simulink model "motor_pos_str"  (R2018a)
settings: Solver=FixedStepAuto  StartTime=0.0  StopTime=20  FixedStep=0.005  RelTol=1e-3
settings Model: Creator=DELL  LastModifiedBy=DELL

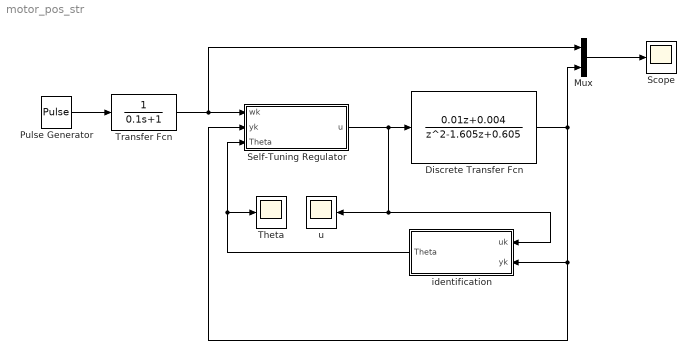
== system motor_pos_str ==
  Discrete Transfer Fcn : DiscreteTransferFcn  Numerator=[0.01 0.004]  Denominator=[1 -1.605 0.605]  SampleTime=0.005
  Mux : Mux  Inputs=2
  Pulse Generator : DiscretePulseGenerator  PulseType=Time based  Period=4  PulseWidth=50
  Scope : Scope
  Self-Tuning Regulator : Subsystem
  Theta : Scope
  Transfer Fcn : TransferFcn  Denominator=[0.1 1]
  identification : Subsystem
  u : Scope
  wires:
  Pulse Generator/1 -> Transfer Fcn/1
  Mux/1 -> Scope/1
  Self-Tuning Regulator/1(u) -> u/1, identification/1(uk), Discrete Transfer Fcn/1
  Transfer Fcn/1 -> Mux/1, Self-Tuning Regulator/1(wk)
  Discrete Transfer Fcn/1 -> Mux/2, identification/2(yk), Self-Tuning Regulator/2(yk)
  identification/1(Theta) -> Theta/1, Self-Tuning Regulator/3(Theta)

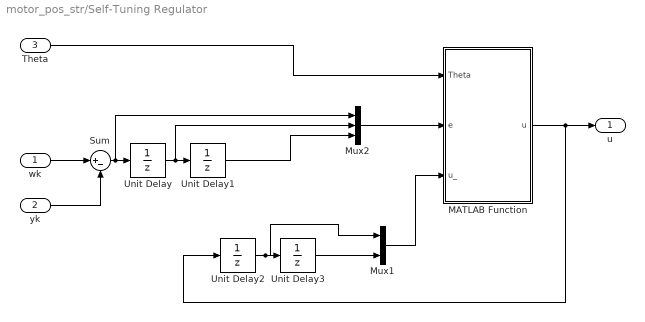
== system motor_pos_str/Self-Tuning Regulator ==
  wk : Inport
  yk : Inport  Port=2
  Theta : Inport  Port=3
  MATLAB Function : MATLAB Function  TreatAsAtomicUnit=on
  Mux1 : Mux  Inputs=2
  Mux2 : Mux  Inputs=3
  Sum : Sum  Inputs=|+-
  Unit Delay{,1..3} (4 alike) : UnitDelay  SampleTime=-1
  u : Outport
  wires:
  wk/1 -> Sum/1
  yk/1 -> Sum/2
  Sum/1 -> Mux2/1, Unit Delay/1
  Unit Delay/1 -> Mux2/2, Unit Delay1/1
  Unit Delay2/1 -> Mux1/1, Unit Delay3/1
  Unit Delay3/1 -> Mux1/2
  Theta/1 -> MATLAB Function/1(Theta)
  Mux1/1 -> MATLAB Function/3(u_)
  Unit Delay1/1 -> Mux2/3
  Mux2/1 -> MATLAB Function/2(e)
  MATLAB Function/1(u) -> u/1, Unit Delay2/1

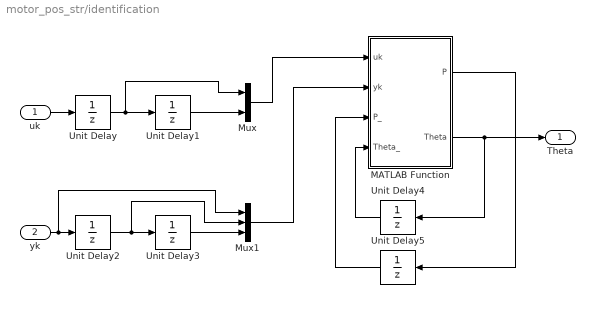
== system motor_pos_str/identification ==
  uk : Inport
  yk : Inport  Port=2
  MATLAB Function : MATLAB Function  TreatAsAtomicUnit=on
  Mux : Mux  Inputs=2
  Mux1 : Mux  Inputs=3
  Unit Delay{,1..5} (6 alike) : UnitDelay  SampleTime=-1
  Theta : Outport
  wires:
  yk/1 -> Mux1/1, Unit Delay2/1
  uk/1 -> Unit Delay/1
  Unit Delay/1 -> Mux/1, Unit Delay1/1
  Unit Delay1/1 -> Mux/2
  Unit Delay3/1 -> Mux1/3
  Unit Delay2/1 -> Mux1/2, Unit Delay3/1
  MATLAB Function/2(Theta) -> Unit Delay4/1, Theta/1
  MATLAB Function/1(P) -> Unit Delay5/1
  Unit Delay4/1 -> MATLAB Function/4(Theta_)
  Unit Delay5/1 -> MATLAB Function/3(P_)
  Mux1/1 -> MATLAB Function/2(yk)
  Mux/1 -> MATLAB Function/1(uk)

== matlab function motor_pos_str/Self-Tuning Regulator/MATLAB Function ==
  data: Theta input; u output; e input; u_ input
% Ham tinh thong so bo dieu khien theo pp dat cuc lien tuc
function u = STR_pp1(Theta,e,u_)

T0 = 0.005;
xi = 0.9;
wn = 50;

% Gan lai thong so de thuan tien viec tinh toan
a1 = Theta(1);
a2 = Theta(2);
b1 = Theta(3);
b2 = Theta(4);

% Tinh thong so bo dieu khien
if(xi<1)
d1 = -2*exp(-xi*wn*T0)*cos(wn*T0*sqrt(1-xi^2)); % xi<1
else
d1 = -2*exp(-xi*wn*T0)*cosh(wn*T0*sqrt(xi^2-1)); % xi>1
end
d2 = exp(-2*xi*wn*T0);
r1 = (b1+b2)*(a1*b1*b2-a2*b1^2-b2^2);
s1 = a2*((b1+b2)*(a1*b2-a2*b1)+b2*(b1*d2-b2*d1-b2));
q2 = s1/r1;
gama = q2*b2/a2;
q1 = a2/b2-q2*(b1/b2-a1/a2+1);
q0 = 1/b1*(d1+1-a1-gama);

% Luat dieu khien
u = q0*e(1) + q1*e(2) + q2*e(3) + (1-gama)*u_(1) + gama*u_(2);

== matlab function motor_pos_str/identification/MATLAB Function ==
  data: uk input; P output; yk input; P_ input; Theta_ input; Theta output
function [P,Theta] = Uocluong(uk,yk,P_,Theta_)
lamda = 0.96;
PHI = [-yk(2); -yk(3); uk(1); uk(2)];
e = yk(1) - PHI'*Theta_;
L = P_*PHI / (lamda + PHI'*P_*PHI);
P = 1/lamda*(P_ - P_*PHI*PHI'*P_ /(lamda + PHI'*P_*PHI));
Theta = Theta_ + L*e;

**Your task**
Search the entries above for the string "Inputs". Copy each line in which it appears.

**Output for this exercise**
  Mux : Mux  Inputs=2
  Mux1 : Mux  Inputs=2
  Mux2 : Mux  Inputs=3
  Sum : Sum  Inputs=|+-
  Mux : Mux  Inputs=2
  Mux1 : Mux  Inputs=3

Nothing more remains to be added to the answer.